═══ Records shown ═══

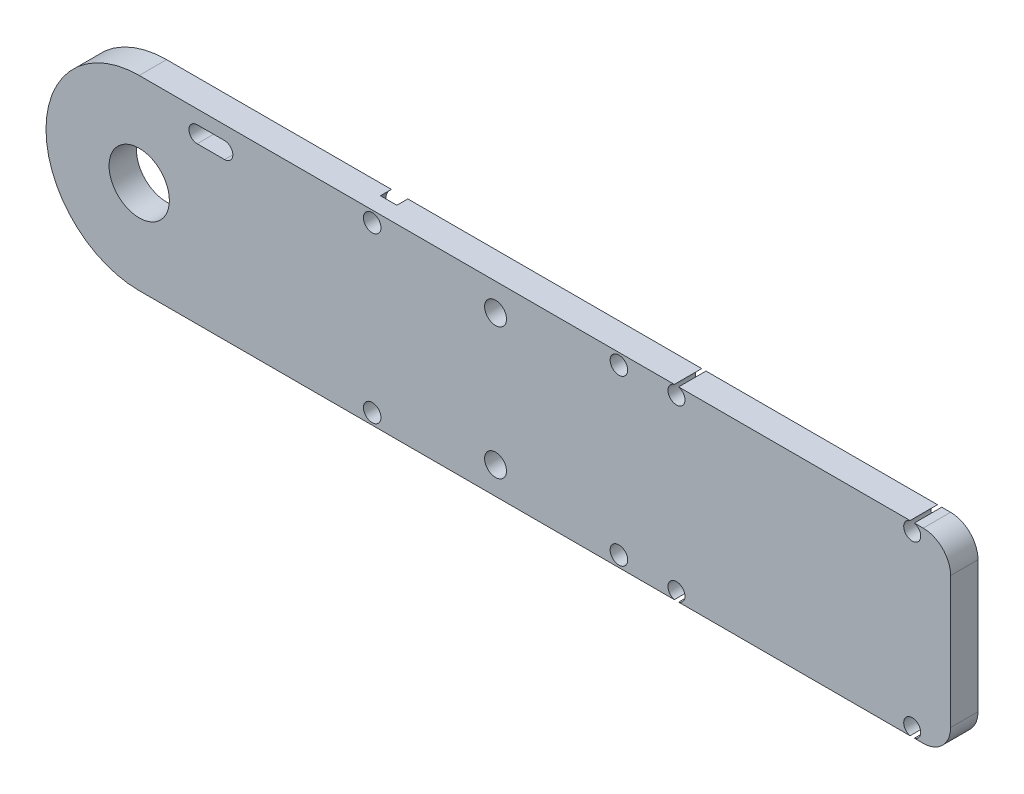
ISO-10303-21;
HEADER;
FILE_DESCRIPTION(('STEP AP214'),'2;1');
FILE_NAME('part.step','',(''),(''),'','','');
FILE_SCHEMA(('AUTOMOTIVE_DESIGN { 1 0 10303 214 1 1 1 1 }'));
ENDSEC;
DATA;
#1=APPLICATION_CONTEXT('core data for automotive mechanical design processes');
#2=APPLICATION_PROTOCOL_DEFINITION('international standard','automotive_design',2000,#1);
#3=PRODUCT_CONTEXT('',#1,'mechanical');
#4=PRODUCT('Part','Part','',(#3));
#5=PRODUCT_RELATED_PRODUCT_CATEGORY('part','',(#4));
#6=PRODUCT_DEFINITION_FORMATION('','',#4);
#7=PRODUCT_DEFINITION_CONTEXT('part definition',#1,'design');
#8=PRODUCT_DEFINITION('design','',#6,#7);
#9=PRODUCT_DEFINITION_SHAPE('','',#8);
#10=(LENGTH_UNIT() NAMED_UNIT(*) SI_UNIT(.MILLI.,.METRE.));
#11=(NAMED_UNIT(*) PLANE_ANGLE_UNIT() SI_UNIT($,.RADIAN.));
#12=(NAMED_UNIT(*) SI_UNIT($,.STERADIAN.) SOLID_ANGLE_UNIT());
#13=UNCERTAINTY_MEASURE_WITH_UNIT(LENGTH_MEASURE(1.E-05),#10,'distance_accuracy_value','');
#14=(GEOMETRIC_REPRESENTATION_CONTEXT(3) GLOBAL_UNCERTAINTY_ASSIGNED_CONTEXT((#13)) GLOBAL_UNIT_ASSIGNED_CONTEXT((#10,
#11,#12)) REPRESENTATION_CONTEXT('',''));
#15=CARTESIAN_POINT('',(0.,0.,0.));
#16=DIRECTION('',(0.,0.,1.));
#17=DIRECTION('',(1.,0.,0.));
#18=AXIS2_PLACEMENT_3D('',#15,#16,#17);
#19=CARTESIAN_POINT('',(42.5,-15.,7.5));
#20=DIRECTION('',(0.,0.,-1.));
#21=DIRECTION('',(-1.,0.,0.));
#22=AXIS2_PLACEMENT_3D('',#19,#20,#21);
#23=CYLINDRICAL_SURFACE('',#22,1.59999999999999);
#24=CARTESIAN_POINT('',(42.5,-15.,2.5));
#25=DIRECTION('',(0.,0.,1.));
#26=DIRECTION('',(1.,0.,0.));
#27=AXIS2_PLACEMENT_3D('',#24,#25,#26);
#28=CIRCLE('',#27,1.59999999999999);
#29=CARTESIAN_POINT('',(44.1,-15.,2.5));
#30=VERTEX_POINT('',#29);
#31=EDGE_CURVE('E352',#30,#30,#28,.T.);
#32=ORIENTED_EDGE('',*,*,#31,.T.);
#33=EDGE_LOOP('',(#32));
#34=FACE_BOUND('',#33,.T.);
#35=CARTESIAN_POINT('',(42.5,-15.,-0.5));
#36=DIRECTION('',(0.,0.,-1.));
#37=DIRECTION('',(-1.,0.,0.));
#38=AXIS2_PLACEMENT_3D('',#35,#36,#37);
#39=CIRCLE('',#38,1.59999999999999);
#40=CARTESIAN_POINT('',(40.9,-15.,-0.5));
#41=VERTEX_POINT('',#40);
#42=EDGE_CURVE('E357',#41,#41,#39,.F.);
#43=ORIENTED_EDGE('',*,*,#42,.F.);
#44=EDGE_LOOP('',(#43));
#45=FACE_BOUND('',#44,.T.);
#46=ADVANCED_FACE('F35',(#34,#45),#23,.F.);
#47=CARTESIAN_POINT('',(42.5,15.,7.5));
#48=DIRECTION('',(0.,0.,-1.));
#49=DIRECTION('',(-1.,0.,0.));
#50=AXIS2_PLACEMENT_3D('',#47,#48,#49);
#51=CYLINDRICAL_SURFACE('',#50,1.59999999999999);
#52=CARTESIAN_POINT('',(42.5,15.,2.5));
#53=DIRECTION('',(0.,0.,1.));
#54=DIRECTION('',(1.,0.,0.));
#55=AXIS2_PLACEMENT_3D('',#52,#53,#54);
#56=CIRCLE('',#55,1.59999999999999);
#57=CARTESIAN_POINT('',(44.1,15.,2.5));
#58=VERTEX_POINT('',#57);
#59=EDGE_CURVE('E262',#58,#58,#56,.F.);
#60=ORIENTED_EDGE('',*,*,#59,.F.);
#61=EDGE_LOOP('',(#60));
#62=FACE_BOUND('',#61,.T.);
#63=CARTESIAN_POINT('',(42.5,15.,-0.5));
#64=DIRECTION('',(0.,0.,-1.));
#65=DIRECTION('',(-1.,0.,0.));
#66=AXIS2_PLACEMENT_3D('',#63,#64,#65);
#67=CIRCLE('',#66,1.59999999999999);
#68=CARTESIAN_POINT('',(40.9,15.,-0.5));
#69=VERTEX_POINT('',#68);
#70=EDGE_CURVE('E359',#69,#69,#67,.T.);
#71=ORIENTED_EDGE('',*,*,#70,.T.);
#72=EDGE_LOOP('',(#71));
#73=FACE_BOUND('',#72,.T.);
#74=ADVANCED_FACE('F456',(#62,#73),#51,.F.);
#75=CARTESIAN_POINT('',(0.,0.,2.5));
#76=DIRECTION('',(0.,0.,1.));
#77=DIRECTION('',(1.,0.,0.));
#78=AXIS2_PLACEMENT_3D('',#75,#76,#77);
#79=PLANE('',#78);
#80=CARTESIAN_POINT('',(65.,-12.,2.5));
#81=DIRECTION('',(0.,0.,-1.));
#82=DIRECTION('',(-1.,0.,0.));
#83=AXIS2_PLACEMENT_3D('',#80,#81,#82);
#84=CIRCLE('',#83,2.);
#85=CARTESIAN_POINT('',(63.,-12.,2.5));
#86=VERTEX_POINT('',#85);
#87=EDGE_CURVE('E310',#86,#86,#84,.F.);
#88=ORIENTED_EDGE('',*,*,#87,.F.);
#89=EDGE_LOOP('',(#88));
#90=FACE_BOUND('',#89,.T.);
#91=CARTESIAN_POINT('',(87.5,15.,2.5));
#92=DIRECTION('',(0.,0.,-1.));
#93=DIRECTION('',(-1.,0.,0.));
#94=AXIS2_PLACEMENT_3D('',#91,#92,#93);
#95=CIRCLE('',#94,1.59999999999999);
#96=CARTESIAN_POINT('',(85.9,15.,2.5));
#97=VERTEX_POINT('',#96);
#98=EDGE_CURVE('E304',#97,#97,#95,.T.);
#99=ORIENTED_EDGE('',*,*,#98,.T.);
#100=EDGE_LOOP('',(#99));
#101=FACE_BOUND('',#100,.T.);
#102=DIRECTION('',(1.,0.,0.));
#103=VECTOR('',#102,1.);
#104=CARTESIAN_POINT('',(0.,-17.,2.5));
#105=LINE('',#104,#103);
#106=CARTESIAN_POINT('',(0.,-17.,2.5));
#107=VERTEX_POINT('',#106);
#108=CARTESIAN_POINT('',(97.6094875162046,-17.,2.5));
#109=VERTEX_POINT('',#108);
#110=EDGE_CURVE('E246',#107,#109,#105,.T.);
#111=ORIENTED_EDGE('',*,*,#110,.T.);
#112=CARTESIAN_POINT('',(98.,-15.5,2.5));
#113=DIRECTION('',(0.,0.,-1.));
#114=DIRECTION('',(-1.,0.,0.));
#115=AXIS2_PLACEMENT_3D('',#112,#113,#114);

═══

#### Description of the task
Output nothing but the entries above, exactly, once the pictures are removed.

#### Solution for this exercise
ISO-10303-21;
HEADER;
FILE_DESCRIPTION(('STEP AP214'),'2;1');
FILE_NAME('part.step','',(''),(''),'','','');
FILE_SCHEMA(('AUTOMOTIVE_DESIGN { 1 0 10303 214 1 1 1 1 }'));
ENDSEC;
DATA;
#1=APPLICATION_CONTEXT('core data for automotive mechanical design processes');
#2=APPLICATION_PROTOCOL_DEFINITION('international standard','automotive_design',2000,#1);
#3=PRODUCT_CONTEXT('',#1,'mechanical');
#4=PRODUCT('Part','Part','',(#3));
#5=PRODUCT_RELATED_PRODUCT_CATEGORY('part','',(#4));
#6=PRODUCT_DEFINITION_FORMATION('','',#4);
#7=PRODUCT_DEFINITION_CONTEXT('part definition',#1,'design');
#8=PRODUCT_DEFINITION('design','',#6,#7);
#9=PRODUCT_DEFINITION_SHAPE('','',#8);
#10=(LENGTH_UNIT() NAMED_UNIT(*) SI_UNIT(.MILLI.,.METRE.));
#11=(NAMED_UNIT(*) PLANE_ANGLE_UNIT() SI_UNIT($,.RADIAN.));
#12=(NAMED_UNIT(*) SI_UNIT($,.STERADIAN.) SOLID_ANGLE_UNIT());
#13=UNCERTAINTY_MEASURE_WITH_UNIT(LENGTH_MEASURE(1.E-05),#10,'distance_accuracy_value','');
#14=(GEOMETRIC_REPRESENTATION_CONTEXT(3) GLOBAL_UNCERTAINTY_ASSIGNED_CONTEXT((#13)) GLOBAL_UNIT_ASSIGNED_CONTEXT((#10,
#11,#12)) REPRESENTATION_CONTEXT('',''));
#15=CARTESIAN_POINT('',(0.,0.,0.));
#16=DIRECTION('',(0.,0.,1.));
#17=DIRECTION('',(1.,0.,0.));
#18=AXIS2_PLACEMENT_3D('',#15,#16,#17);
#19=CARTESIAN_POINT('',(42.5,-15.,7.5));
#20=DIRECTION('',(0.,0.,-1.));
#21=DIRECTION('',(-1.,0.,0.));
#22=AXIS2_PLACEMENT_3D('',#19,#20,#21);
#23=CYLINDRICAL_SURFACE('',#22,1.59999999999999);
#24=CARTESIAN_POINT('',(42.5,-15.,2.5));
#25=DIRECTION('',(0.,0.,1.));
#26=DIRECTION('',(1.,0.,0.));
#27=AXIS2_PLACEMENT_3D('',#24,#25,#26);
#28=CIRCLE('',#27,1.59999999999999);
#29=CARTESIAN_POINT('',(44.1,-15.,2.5));
#30=VERTEX_POINT('',#29);
#31=EDGE_CURVE('E352',#30,#30,#28,.T.);
#32=ORIENTED_EDGE('',*,*,#31,.T.);
#33=EDGE_LOOP('',(#32));
#34=FACE_BOUND('',#33,.T.);
#35=CARTESIAN_POINT('',(42.5,-15.,-0.5));
#36=DIRECTION('',(0.,0.,-1.));
#37=DIRECTION('',(-1.,0.,0.));
#38=AXIS2_PLACEMENT_3D('',#35,#36,#37);
#39=CIRCLE('',#38,1.59999999999999);
#40=CARTESIAN_POINT('',(40.9,-15.,-0.5));
#41=VERTEX_POINT('',#40);
#42=EDGE_CURVE('E357',#41,#41,#39,.F.);
#43=ORIENTED_EDGE('',*,*,#42,.F.);
#44=EDGE_LOOP('',(#43));
#45=FACE_BOUND('',#44,.T.);
#46=ADVANCED_FACE('F35',(#34,#45),#23,.F.);
#47=CARTESIAN_POINT('',(42.5,15.,7.5));
#48=DIRECTION('',(0.,0.,-1.));
#49=DIRECTION('',(-1.,0.,0.));
#50=AXIS2_PLACEMENT_3D('',#47,#48,#49);
#51=CYLINDRICAL_SURFACE('',#50,1.59999999999999);
#52=CARTESIAN_POINT('',(42.5,15.,2.5));
#53=DIRECTION('',(0.,0.,1.));
#54=DIRECTION('',(1.,0.,0.));
#55=AXIS2_PLACEMENT_3D('',#52,#53,#54);
#56=CIRCLE('',#55,1.59999999999999);
#57=CARTESIAN_POINT('',(44.1,15.,2.5));
#58=VERTEX_POINT('',#57);
#59=EDGE_CURVE('E262',#58,#58,#56,.F.);
#60=ORIENTED_EDGE('',*,*,#59,.F.);
#61=EDGE_LOOP('',(#60));
#62=FACE_BOUND('',#61,.T.);
#63=CARTESIAN_POINT('',(42.5,15.,-0.5));
#64=DIRECTION('',(0.,0.,-1.));
#65=DIRECTION('',(-1.,0.,0.));
#66=AXIS2_PLACEMENT_3D('',#63,#64,#65);
#67=CIRCLE('',#66,1.59999999999999);
#68=CARTESIAN_POINT('',(40.9,15.,-0.5));
#69=VERTEX_POINT('',#68);
#70=EDGE_CURVE('E359',#69,#69,#67,.T.);
#71=ORIENTED_EDGE('',*,*,#70,.T.);
#72=EDGE_LOOP('',(#71));
#73=FACE_BOUND('',#72,.T.);
#74=ADVANCED_FACE('F456',(#62,#73),#51,.F.);
#75=CARTESIAN_POINT('',(0.,0.,2.5));
#76=DIRECTION('',(0.,0.,1.));
#77=DIRECTION('',(1.,0.,0.));
#78=AXIS2_PLACEMENT_3D('',#75,#76,#77);
#79=PLANE('',#78);
#80=CARTESIAN_POINT('',(65.,-12.,2.5));
#81=DIRECTION('',(0.,0.,-1.));
#82=DIRECTION('',(-1.,0.,0.));
#83=AXIS2_PLACEMENT_3D('',#80,#81,#82);
#84=CIRCLE('',#83,2.);
#85=CARTESIAN_POINT('',(63.,-12.,2.5));
#86=VERTEX_POINT('',#85);
#87=EDGE_CURVE('E310',#86,#86,#84,.F.);
#88=ORIENTED_EDGE('',*,*,#87,.F.);
#89=EDGE_LOOP('',(#88));
#90=FACE_BOUND('',#89,.T.);
#91=CARTESIAN_POINT('',(87.5,15.,2.5));
#92=DIRECTION('',(0.,0.,-1.));
#93=DIRECTION('',(-1.,0.,0.));
#94=AXIS2_PLACEMENT_3D('',#91,#92,#93);
#95=CIRCLE('',#94,1.59999999999999);
#96=CARTESIAN_POINT('',(85.9,15.,2.5));
#97=VERTEX_POINT('',#96);
#98=EDGE_CURVE('E304',#97,#97,#95,.T.);
#99=ORIENTED_EDGE('',*,*,#98,.T.);
#100=EDGE_LOOP('',(#99));
#101=FACE_BOUND('',#100,.T.);
#102=DIRECTION('',(1.,0.,0.));
#103=VECTOR('',#102,1.);
#104=CARTESIAN_POINT('',(0.,-17.,2.5));
#105=LINE('',#104,#103);
#106=CARTESIAN_POINT('',(0.,-17.,2.5));
#107=VERTEX_POINT('',#106);
#108=CARTESIAN_POINT('',(97.6094875162046,-17.,2.5));
#109=VERTEX_POINT('',#108);
#110=EDGE_CURVE('E246',#107,#109,#105,.T.);
#111=ORIENTED_EDGE('',*,*,#110,.T.);
#112=CARTESIAN_POINT('',(98.,-15.5,2.5));
#113=DIRECTION('',(0.,0.,-1.));
#114=DIRECTION('',(-1.,0.,0.));
#115=AXIS2_PLACEMENT_3D('',#112,#113,#114);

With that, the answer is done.